Hebben Wij besloten en besluiten Wij :

Artikel 1. Algemeen verbindend wordt verklaard de als bijlage overgenomen collectieve arbeidsovereenkomst van 3 juli 2019, gesloten in het Paritair Comité voor het tabaksbedrijf, betreffende de vaststelling van de arbeidsvoorwaarden in de ondernemingen die sigaren en cigarillo's vervaardigen.

Art. 2. De minister bevoegd voor Werk is belast met de uitvoering van dit besluit.

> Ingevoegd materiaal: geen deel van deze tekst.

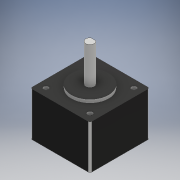
# Autodesk Inventor part: MotorNema14
Saved by Autodesk Inventor 2018.3 (Build 223284000, 284)
## iProperties
Created: 2018-06-16
Part Number: MotorNema14
Material: Типовые
Document SubType Name: Modeling
Designer: Leancher
Density: 1 g/cm^3
Appearance: По умолчанию
Author: Leancher
Autodesk Inventor part; units mm, degrees
ref_plane "YZ Plane" through (0, 0, 0) normal (1, 0, 0) x (0, 1, 0)
ref_plane "XZ Plane" through (0, 0, 0) normal (0, 1, 0) x (-1, 0, 0)
ref_plane "XY Plane" through (0, 0, 0) normal (0, 0, 1) x (1, 0, 0)
sketch "Эскиз1" plane through (0, 0, 0) normal (0, 0, 1) x (1, 0, 0)
  line L0 (-17.6, 17.6) -> (17.6, 17.6)
  line L1 (17.6, 17.6) -> (17.6, -17.6)
  line L2 (17.6, -17.6) -> (-17.6, -17.6)
  line L3 (-17.6, -17.6) -> (-17.6, 17.6)
  point P0 (13, -13)
  point P1 (-13, -13)
  point P2 (13, 13)
  point P3 (-13, 13)
  dimension "d0" = 35.2
  dimension "d1" = 35.2
  constraints: 8 end point, 2 parallel, 1 horizontal, 1 perpendicular
  measures "d0" distance of L1.end L2.end
  measures "d1" distance of L0.end L1.end
extrude "Выдавливание1" add sketch "Эскиз1" along normal blind 26
sketch "Эскиз2" plane through (0, 0, 26) normal (0, 0, 1) x (1, 0, 0)
  circle A0 centre (0, 0) radius 11
  dimension "d6" = 22
  constraints: 1 centre point, 1 coincident
  measures "d6" diameter of A0
extrude "Выдавливание2" add sketch "Эскиз2" along normal blind 2
sketch "Эскиз3" plane through (0, 0, 28) normal (0, 0, 1) x (1, 0, 0)
  circle A0 centre (0, 0) radius 11 projected
  circle A1 centre (0, 0) radius 2.5
  dimension "d9" = 5
  constraints: 1 centre point, 1 coincident
  measures "d9" diameter of A1
extrude "Выдавливание3" add sketch "Эскиз3" along normal blind 22 contours A1
sketch "Эскиз4" plane through (0, 0, 50) normal (0, 0, 1) x (1, 0, 0)
  line L0 (0, 2) -> (3.1194, 2)
  line L1 (3.1194, 2) -> (3.1194, 3.4913)
  line L2 (3.1194, 3.4913) -> (-4.7004, 3.4913)
  line L3 (-4.7004, 3.4913) -> (-4.7004, 2)
  line L4 (-4.7004, 2) -> (0, 2)
  constraints: 10 end point, 4 perpendicular, 1 point on line
extrude "Выдавливание4" cut sketch "Эскиз4" against normal blind 15
hole "Отверстие1" at (13, -13, 0) at (13, 13, 0) at (-13, 13, 0) at (-13, -13, 0) direction (0, 0, 1) diameter 3 end through all
fillet "Сопряжение1" radius 1 4 edges at (-17.6, -17.6, 13) (17.6, -17.6, 13) (17.6, 17.6, 13) (-17.6, 17.6, 13)
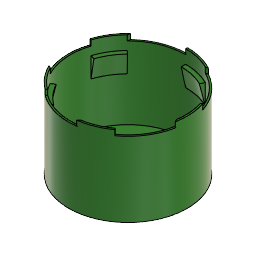
frame-base (Autodesk Fusion 360 design; units mm, degrees)
part number: 2026-06-05-14-14-42-148
Autodesk Fusion 360 part; units mm, degrees
note: some values were not read from the file. Set by a fixed rule: which sketch regions a step uses.
sketch "Sketch1" plane through (0, 0, 0) normal (0, 0, 1) x (1, 0, 0)
  circle A0 centre (0, 0) radius 65.5
  circle A1 centre (0, 0) radius 67.5
  line L0 (0, 0) -> (0, 65.5)
  line L1 (0, 0) -> (29.226, 58.6182)
  line L2 (29.226, 58.6182) -> (32.4791, 59.1723)
  line L3 (0, 65.5) -> (0, 67.5)
  line L4 (-62.2942, 20.2406) -> (-64.1963, 20.8586)
  line L5 (-46.7179, 45.9096) -> (-46.2396, 49.1747)
  line L6 (-38.4999, -52.9906) -> (-39.6755, -54.6086)
  line L7 (-58.0992, -30.2445) -> (-61.0567, -28.7806)
  line L8 (38.4999, -52.9906) -> (39.6755, -54.6086)
  line L9 (10.8106, -64.6017) -> (8.5044, -66.9621)
  line L10 (62.2942, 20.2406) -> (64.1963, 20.8586)
  line L11 (64.7805, -9.6815) -> (66.3128, -12.6042)
  line L12 (0, 60.5) -> (0, 65.5)
  line L13 (26.995, 54.1435) -> (29.226, 58.6182)
  arc A2 (26.995, 54.1435) -> (0, 60.5) centre (0, 0) ccw
  line L14 (-57.5389, 18.6955) -> (-62.2942, 20.2406)
  arc A3 (-43.1517, 42.405) -> (-57.5389, 18.6955) centre (0, 0) ccw
  line L15 (-43.1517, 42.405) -> (-46.7179, 45.9096)
  line L16 (-35.561, -48.9455) -> (-38.4999, -52.9906)
  arc A4 (-53.6642, -27.9358) -> (-35.561, -48.9455) centre (0, 0) ccw
  line L17 (-53.6642, -27.9358) -> (-58.0992, -30.2445)
  line L18 (35.561, -48.9455) -> (38.4999, -52.9906)
  arc A5 (9.9854, -59.6703) -> (35.561, -48.9455) centre (0, 0) ccw
  line L19 (9.9854, -59.6703) -> (10.8106, -64.6017)
  line L20 (57.5389, 18.6955) -> (62.2942, 20.2406)
  arc A6 (59.8355, -8.9425) -> (57.5389, 18.6955) centre (0, 0) ccw
  line L21 (59.8355, -8.9425) -> (64.7805, -9.6815)
  dimension "d1" = 131
  dimension "d2" = 135
  dimension "d3" = 26.5
  dimension "d4" = 3.3
  dimension "d8" = 360
  dimension "d13" = 121
  dimension "d15" = 360
  constraint coincident A0.centre A1.centre
  constraint concentric A0 A1
  constraint vertical L0
  constraint coincident A0 L1.end
  constraint coincident A0 L0.end
  constraint coincident A1 L2.end
  constraint coincident A1 L3.end
  constraint parallel L0 L3
  constraint concentric A0 A2
  constraint coincident L0 L12.start
  constraint coincident L1 L13.start
  measures "d1" diameter of A0
  measures "d2" diameter of A1
  measures "d3" angle of L0 L1
  measures "d4" distance of L1.end L2.end
  measures "d13" diameter of A2
extrude "Extrude1" add sketch "Sketch1" along normal blind 2.5 contours A0 L20 A6 L21 | A0 L0 L1 L12 L13 L14 A3 L15 L16 A4 L17 L18 A5 L19 L20 A6 L21 | A0 L0 L1 L12 L13 A2 | A0 L18 A5 L19 | L0 L1 A2 | A0 L14 A3 L15 | A0 L16 A4 L17 makes body 1
extrude "Extrude2" add sketch "Sketch1" along normal blind 85 contours A0 A1 L2 L10 | A0 A1 L8 L11 | A0 A1 L3 L5 | A0 A1 L6 L9 | A0 A1 L4 L7 bodies 1
extrude "Extrude3" add sketch "Sketch1" along normal blind 91 contours A0 A1 L10 L11 | A0 A1 L2 L3 | A0 A1 L8 L9 | A0 A1 L4 L5 | A0 A1 L6 L7 bodies 1
extrude "Extrude4" add sketch "Sketch1" along normal blind 23 from surface at 52.5 separate body contours A0 L20 A6 L21 | A0 L0 L1 L12 L13 A2 | A0 L18 A5 L19 | A0 L14 A3 L15 | A0 L16 A4 L17 makes body 2 at (-40.5132, -51.4677, 67.8333) makes body 3 at (-48.4522, 44.0753, 67.8333) makes body 4 at (22.9832, -61.3353, 67.8333) makes body 5 at (2.5239, 65.4514, 67.8333) makes body 6 at (65.3337, -4.6641, 67.8333)
sketch "Sketch2" plane through (0, 0, 0) normal (-0.147809, -0.989016, 0) x (0.989016, -0.147809, 0)
  line L0 (60.5, 52.5) -> (65.5, 52.5)
  line L1 (65.5, 52.5) -> (65.5, 75.5)
  line L2 (65.5, 75.5) -> (60.5, 75.5)
  line L3 (60.5, 75.5) -> (60.5, 52.5)
  line L4 (60.5, 75.5) -> (65.5, 52.5)
  constraint coincident L2.end L3.start
  constraint coincident L0.end L1.start
revolve "Revolve1" cut sketch "Sketch2" angle 360 about axis through (0, 0, 1.75) along (0, 0, 1) contours L0 L3 L4 bodies 2 3 4 5 6
equation "d1 = ( 65.5 * 2 ) * 1 mm"
equation "d2 = ( 67.5 * 2 ) * 1 mm"
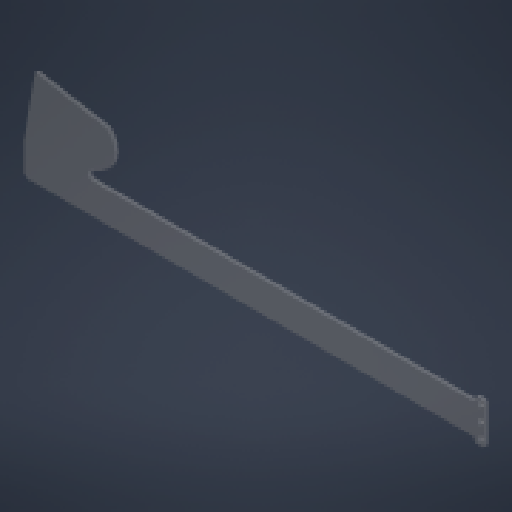
# Autodesk Inventor part: RACK_GUIDES
Saved by Autodesk Inventor 2026.2 (Build 302298010, 298A)
## iProperties
Created: 2026-04-01
Part Number: RACK_GUIDES
Material: Polycarbonate, PC 1000, Clear
Document SubType Name: Sheet Metal
Designer: 4aida
Density: 1.20131 g/cm^3
Sheet Metal Rule: Default
Appearance: Lexan (Clear)
Author: 4aida
Autodesk Inventor part; units mm, degrees
ref_plane "YZ Plane" through (0, 0, 0) normal (1, 0, 0) x (0, 1, 0)
ref_plane "XZ Plane" through (0, 0, 0) normal (0, 1, 0) x (-1, 0, 0)
ref_plane "XY Plane" through (0, 0, 0) normal (0, 0, 1) x (1, 0, 0)
sketch "Sketch1" plane through (0, 0, 0) normal (0, 0, 1) x (1, 0, 0)
  line L0 (279.4704, -19.05) -> (-282.4704, -19.05)
  line L1 (-282.4704, -19.05) -> (-282.4704, 19.05)
  line L2 (-282.4704, 19.05) -> (279.4704, 19.05)
  line L3 (282.4704, -19.05) -> (-282.4704, 19.05) construction
  line L4 (-282.4704, -19.05) -> (282.4704, 19.05) construction
  line L5 (292.1704, -25.05) -> (285.4704, -25.05)
  line L6 (285.4704, 25.05) -> (292.1704, 25.05)
  line L7 (295.1704, 22.05) -> (295.1704, -22.05)
  line L8 (295.1704, -25.05) -> (282.4704, 25.05) construction
  line L9 (282.4704, -25.05) -> (295.1704, 25.05) construction
  line L10 (282.4704, -22.05) -> (282.4704, -22.05)
  line L11 (282.4704, 22.05) -> (282.4704, 22.05)
  arc A0 (279.4704, 19.05) -> (282.4704, 22.05) centre (279.4704, 22.05) ccw
  arc A1 (285.4704, 25.05) -> (282.4704, 22.05) centre (285.4704, 22.05) ccw
  arc A2 (295.1704, 22.05) -> (292.1704, 25.05) centre (292.1704, 22.05) ccw
  arc A3 (292.1704, -25.05) -> (295.1704, -22.05) centre (292.1704, -22.05) ccw
  arc A4 (282.4704, -22.05) -> (285.4704, -25.05) centre (285.4704, -22.05) ccw
  arc A5 (282.4704, -22.05) -> (279.4704, -19.05) centre (279.4704, -22.05) ccw
  point P0 (0, 0)
  point P1 (288.8204, 0)
  point P2 (282.4704, 0)
  point P3 (295.1704, 0)
  dimension "d0" = 12.7
  dimension "d1" = 577.6407
  dimension "d2" = 6
  dimension "d3" = 38.1
  dimension "d4" = 3
  measures "d0" distance of L8.end L9.end
  measures "d1" distance between parallel lines of L7 L1
  measures "d2" distance between parallel lines of L2 L6
  measures "d3" distance between parallel lines of L2 L0
  measures "d4" radius of A0
extrude "Plate1" add sketch "Sketch1" along normal blind 4.7625
sketch "Sketch2" plane through (0, 0, 0) normal (0, 0, -1) x (-1, 0, 0)
  line L0 (-288.8204, -19.05) -> (-288.8204, 19.05)
  line L1 (-295.1704, -22.05) -> (-295.1704, 22.05) projected
  line L2 (-288.8204, 0) -> (-295.1704, 0)
  point P0 (0, 0)
  dimension "d6" = 6.35
  dimension "d7" = 38.1
  constraints: 4 end point, 2 midpoint, 1 coincident, 1 parallel, 1 perpendicular
  measures "d6" distance between parallel lines of L1 L0
  measures "d7" distance of L0.start L0.end
hole "Hole1" at (288.8204, -19.05, 0) at (288.8204, 0, 0) at (288.8204, 19.05, 0) direction (0, 0, 1) diameter 5.1054 depth 4.7625 tip angle 118 clearance for "Flat Head Machine Screw (82)" size "#10" standard "Ansi Unified Screw Threads"
sketch "Sketch3" plane through (0, 0, 0) normal (0, 0, -1) x (-1, 0, 0)
  line L0 (268.0066, 101.0778) -> (282.4704, 19.05)
  line L1 (180.2314, 85.6006) -> (268.0066, 101.0778)
  arc A0 (180.2314, 85.6006) -> (176.9524, 83.8547) centre (181.2732, 79.6918) ccw
  arc A1 (176.9524, 83.8547) -> (183.5568, 37.0593) centre (198.5568, 63.04) ccw
  line L2 (-279.4704, 19.05) -> (282.4704, 19.05)
  line L3 (282.4704, 19.05) -> (214.7497, 19.05)
  line L4 (282.4704, 19.05) -> (282.4704, -19.05)
  arc A2 (196.0756, 19.05) -> (196.0756, 31.05) centre (196.0756, 25.05) ccw
  line L5 (196.0756, 31.05) -> (193.9651, 31.05)
  line L6 (193.9651, 31.05) -> (183.5568, 37.0593)
  point P0 (0, 0)
  dimension "d16" = 43.99
  dimension "d17" = 80
  dimension "d18" = 83.9136
  dimension "d19" = 30
  dimension "d20" = 6
  dimension "d21" = 83.2932
  dimension "d28" = 12
  dimension "d29" = 86.3948
  dimension "d30" = 30
  measures "d16" distance from line of L2 A1.centre
  measures "d17" angle of L2 L0
  measures "d18" distance from line of L4 A1.centre
  measures "d19" radius of A1
  measures "d20" radius of A0
  measures "d21" distance from line of L0.end L1
  measures "d28" diameter of A2
  measures "d29" distance from line of L4 A2.centre
  measures "d30" angle of L2 L6
sheet face with bend "Face2" sketch "Sketch3" thickness 4.7625 toward (0, 0, 1) bend radius 4.7625 relief straight relief width 4.7625 relief depth 2.3813
bend "Bend1"
fillet "Corner Round1" radius 6.35 3 edges at (-282.4704, 19.05, 2.3813) (-282.4704, -19.05, 2.3813) (-193.9651, 31.05, 2.3813)
sketch "Sketch4" plane through (0, 0, 0) normal (0, 0, -1) x (-1, 0, 0)
  line L0 (268.0066, 101.0778) -> (180.2314, 85.6006) projected
  line L1 (282.3739, 19.5971) -> (268.0066, 101.0778) projected
  arc A0 (176.9524, 83.8547) -> (183.5568, 37.0593) centre (198.5568, 63.04) ccw projected
  circle A1 centre (198.5568, 63.04) radius 25.4
  line L2 (177.7503, 77.6089) -> (213.1256, 83.8465)
  line L3 (213.1256, 83.8465) -> (183.9879, 42.2336)
  line L4 (183.9879, 42.2336) -> (219.3632, 48.4712)
  line L5 (173.5426, 58.6294) -> (223.5709, 67.4507)
  point P0 (0, 0)
  point P1 (257.7049, 86.3654)
  point P2 (262.1156, 61.3512)
  dimension "d31" = 25.4
  dimension "d32" = 12.7
  dimension "d33" = 12.7
  dimension "d34" = 12.7
  dimension "d42" = 50.8
  dimension "d43" = 45
  constraints: 8 coincident, 8 end point, 6 point on circle, 3 parallel, 2 midpoint, 1 centre point
  measures "d31" distance of point (262.116, 61.351) point (257.705, 86.365)
  measures "d32" distance from line of L0 point (257.705, 86.365)
  measures "d33" distance from line of L1 point (257.705, 86.365)
  measures "d34" distance from line of L1 point (262.116, 61.351)
  measures "d42" diameter of A1
  measures "d43" angle of L2 L3
hole "Hole2" at (-257.7049, 86.3654, 0) at (-262.1156, 61.3512, 0) at (-177.7503, 77.6089, 0) at (-173.5426, 58.6294, 0) at (-183.9879, 42.2336, 0) at (-219.3632, 48.4712, 0) at (-223.5709, 67.4507, 0) at (-213.1256, 83.8465, 0) direction (0, 0, 1) diameter 5.105 end through all clearance for "Flat Head Machine Screw (82)" size "#10" standard "Ansi Unified Screw Threads"
equation "\"d13\" = Thickness"
equation "\"d33\" = d32"
equation "\"d34\" = d32"
equation "\"d40\" = Thickness"
equation "\"d5\" = Thickness"
equation "\"d22\" = BendRadius"
equation "\"d23\" = BendReliefWidth"
equation "\"d25\" = MinimumRemnant"
equation "\"d24\" = BendReliefDepth"
equation "\"d26\" = TransitionRadius"
equation "\"BendRadius\" = Thickness"
equation "\"BendReliefWidth\" = Thickness"
equation "\"BendReliefDepth\" = 0.5 * Thickness"
equation "\"CornerReliefSize\" = 4 * Thickness"
equation "\"MinimumRemnant\" = 2 * Thickness"
equation "\"TransitionRadius\" = BendRadius"
equation "\"JacobiRadiusSize\" = BendRadius"
equation "\"GapSize\" = Thickness"
equation "\"Thickness\" = 4.7625"
body "Solid1"

Gegeven te Brussel, 20 november 2019.

FILIP

Van Koningswege :

De Minister van Werk,

N. MUYLLE

_______

Nota

(1) Verwijzing naar het Belgisch Staatsblad :

Wet van 5 december 1968, Belgisch Staatsblad van 15 januari 1969.

Bijlage

Paritair Comité voor het tabaksbedrijf

Collectieve arbeidsovereenkomst van 3 juli 2019

Vaststelling van de arbeidsvoorwaarden in de ondernemingen die sigaren en cigarillo's vervaardigen

(Overeenkomst geregistreerd op 30 juli 2019 onder het nummer 153144/CO/133)

HOOFDSTUK I. - Toepassingsgebied

Artikel 1. Deze collectieve arbeidsovereenkomst is van toepassing op de werkgevers en op de werknemers van de ondernemingen die sigaren en cigarillo's vervaardigen en onder het Paritair Comité voor het tabaksbedrijf ressorteren.

Onder "werknemers" wordt verstaan : de arbeiders en arbeidsters.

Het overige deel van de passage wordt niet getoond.